┌──

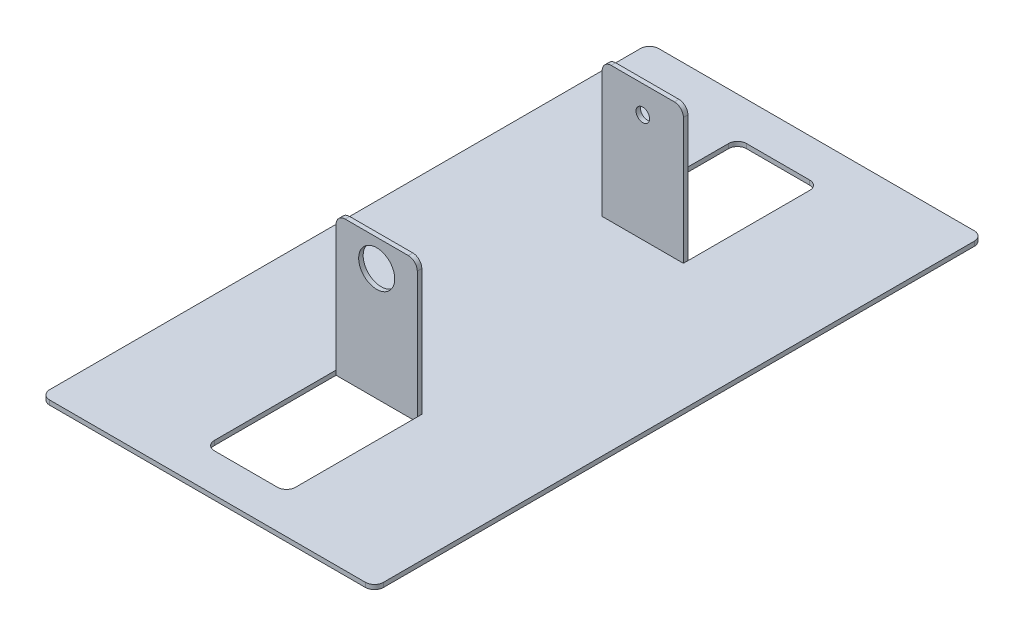
SolidWorks part; units mm, degrees
ref_plane "Front Plane" through (0, 0, 0) normal (0, 0, 1) x (1, 0, 0)
ref_plane "Top Plane" through (0, 0, 0) normal (0, 1, 0) x (1, 0, 0)
ref_plane "Right Plane" through (0, 0, 0) normal (1, 0, 0) x (0, 0, -1)
sketch "Sketch1" plane through (0, 0, 0) normal (0, 1, 0) x (1, 0, 0)
  line L0 (-37, 0) -> (37, 0) construction
  line L1 (-37, -67.5) -> (37, -67.5)
  line L2 (-37, -67.5) -> (-37, 67.5)
  line L3 (-37, 67.5) -> (37, 67.5)
  line L4 (37, -67.5) -> (37, 67.5)
  line L5 (-37, -67.5) -> (37, 67.5) construction
  line L6 (-37, 67.5) -> (37, -67.5) construction
  line L7 (-9, -59) -> (9, -29) construction
  line L8 (-9, 29) -> (9, 29)
  line L9 (-9, 29) -> (-9, 59)
  line L10 (-9, 59) -> (9, 59)
  line L11 (9, 29) -> (9, 59)
  line L12 (-9, 29) -> (9, 59) construction
  line L13 (-9, 59) -> (9, 29) construction
  line L14 (-9, -29) -> (9, -59) construction
  line L15 (9, -29) -> (9, -59)
  line L16 (-9, -59) -> (9, -59)
  line L17 (-9, -29) -> (-9, -59)
  line L18 (-9, -29) -> (9, -29)
  point P0 (0, 0)
  point P8 (0, 44)
  point P17 (0, -44)
  dimension "D1" = 74
  dimension "D2" = 135
  dimension "D3" = 18
  dimension "D4" = 30
  dimension "D5" = 58
extrude "Boss-Extrude1" add sketch "Sketch1" along normal blind 1
sketch "Sketch2" plane through (0, 1, 0) normal (0, 1, 0) x (1, 0, 0)
  line L0 (-37, 0) -> (37, 0) construction
  line L1 (-9, 29) -> (9, 29)
  line L2 (-9, 29) -> (-9, 30)
  line L3 (-9, 30) -> (9, 30)
  line L4 (9, 29) -> (9, 30)
  line L5 (-37, 67.5) -> (-37, -67.5) construction
  line L6 (37, -67.5) -> (37, 67.5) construction
  line L7 (9, -29) -> (9, -30)
  line L8 (-9, -30) -> (9, -30)
  line L9 (-9, -29) -> (-9, -30)
  line L10 (-9, -29) -> (9, -29)
  line L11 (9, 29) -> (9, 59) construction
  dimension "D1" = 1
extrude "Boss-Extrude2" add sketch "Sketch2" along normal blind 31 from offset 1 offset against normal yes
sketch "Sketch5" plane through (0, 0, 30) normal (0, 0, 1) x (1, 0, 0)
  line L0 (-9, 31) -> (9, 31) construction
  circle A0 centre (0, 25) radius 4
  dimension "D1" = 8
  dimension "D2" = 6
extrude "Cut-Extrude3" cut sketch "Sketch5" against normal up to next
sketch "Sketch6" plane through (0, 0, -29) normal (0, 0, 1) x (1, 0, 0)
  circle A0 centre (0, 25) radius 1.5
  dimension "D1" = 3
extrude "Cut-Extrude4" cut sketch "Sketch6" against normal up to next
fillet "Fillet2" radius 2 12 edges at (-9, 0.5, 59) (9, 0.5, 59) (-9, 31, 29.5) (9, 31, 29.5) (9, 31, -29.5) (-9, 31, -29.5) (9, 0.5, -59) (-9, 0.5, -59) (-37, 0.5, -67.5) (37, 0.5, -67.5) (37, 0.5, 67.5) (-37, 0.5, 67.5)
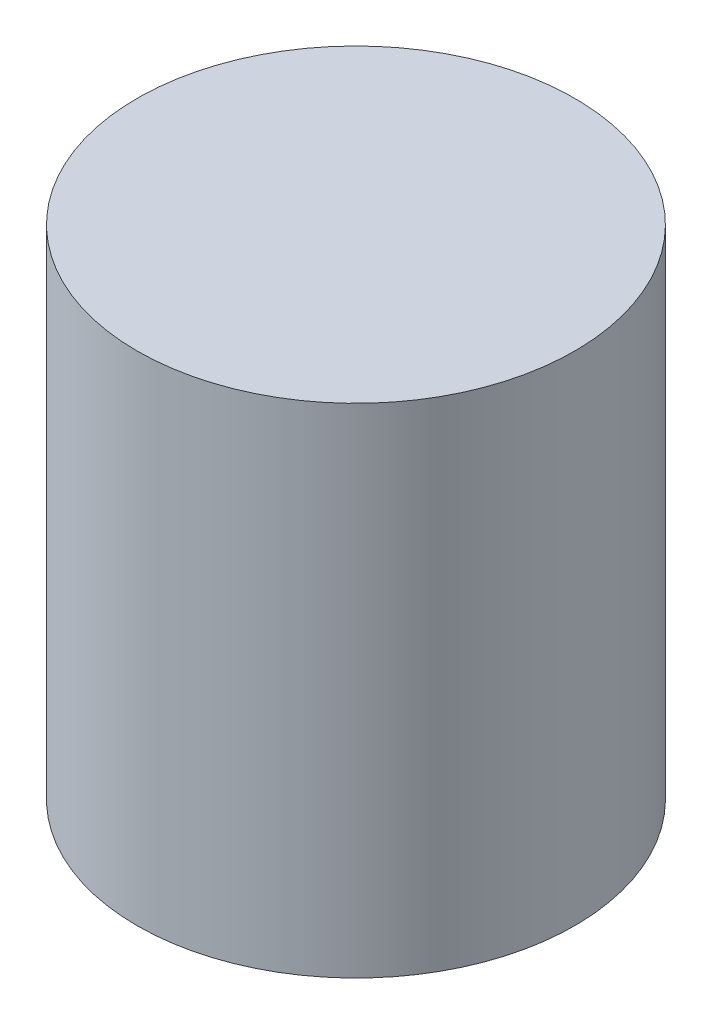
SolidWorks part; units mm, degrees
ref_plane "Front Plane" through (0, 0, 0) normal (0, 0, 1) x (1, 0, 0)
ref_plane "Top Plane" through (0, 0, 0) normal (0, 1, 0) x (1, 0, 0)
ref_plane "Right Plane" through (0, 0, 0) normal (1, 0, 0) x (0, 0, -1)
sketch "Sketch1" plane through (0, 0, 0) normal (0, 1, 0) x (1, 0, 0)
  circle A0 centre (0, 0) radius 25.5
  dimension "D1" = 51
extrude "Boss-Extrude1" add sketch "Sketch1" along normal blind 58
sketch "Sketch2" plane through (0, 0, 0) normal (0, -1, 0) x (1, 0, 0)
  circle A0 centre (0, 0) radius 22.5
  dimension "D1" = 45
extrude "Cut-Extrude1" cut sketch "Sketch2" against normal blind 55

└──

Reproduce exactly, and with no other material, the lines between those holding "line L9 (-9, 29) -> (-9, 59)" and "0, 30) normal", inclusive.

  line L9 (-9, 29) -> (-9, 59)
  line L10 (-9, 59) -> (9, 59)
  line L11 (9, 29) -> (9, 59)
  line L12 (-9, 29) -> (9, 59) construction
  line L13 (-9, 59) -> (9, 29) construction
  line L14 (-9, -29) -> (9, -59) construction
  line L15 (9, -29) -> (9, -59)
  line L16 (-9, -59) -> (9, -59)
  line L17 (-9, -29) -> (-9, -59)
  line L18 (-9, -29) -> (9, -29)
  point P0 (0, 0)
  point P8 (0, 44)
  point P17 (0, -44)
  dimension "D1" = 74
  dimension "D2" = 135
  dimension "D3" = 18
  dimension "D4" = 30
  dimension "D5" = 58
extrude "Boss-Extrude1" add sketch "Sketch1" along normal blind 1
sketch "Sketch2" plane through (0, 1, 0) normal (0, 1, 0) x (1, 0, 0)
  line L0 (-37, 0) -> (37, 0) construction
  line L1 (-9, 29) -> (9, 29)
  line L2 (-9, 29) -> (-9, 30)
  line L3 (-9, 30) -> (9, 30)
  line L4 (9, 29) -> (9, 30)
  line L5 (-37, 67.5) -> (-37, -67.5) construction
  line L6 (37, -67.5) -> (37, 67.5) construction
  line L7 (9, -29) -> (9, -30)
  line L8 (-9, -30) -> (9, -30)
  line L9 (-9, -29) -> (-9, -30)
  line L10 (-9, -29) -> (9, -29)
  line L11 (9, 29) -> (9, 59) construction
  dimension "D1" = 1
extrude "Boss-Extrude2" add sketch "Sketch2" along normal blind 31 from offset 1 offset against normal yes
sketch "Sketch5" plane through (0, 0, 30) normal (0, 0, 1) x (1, 0, 0)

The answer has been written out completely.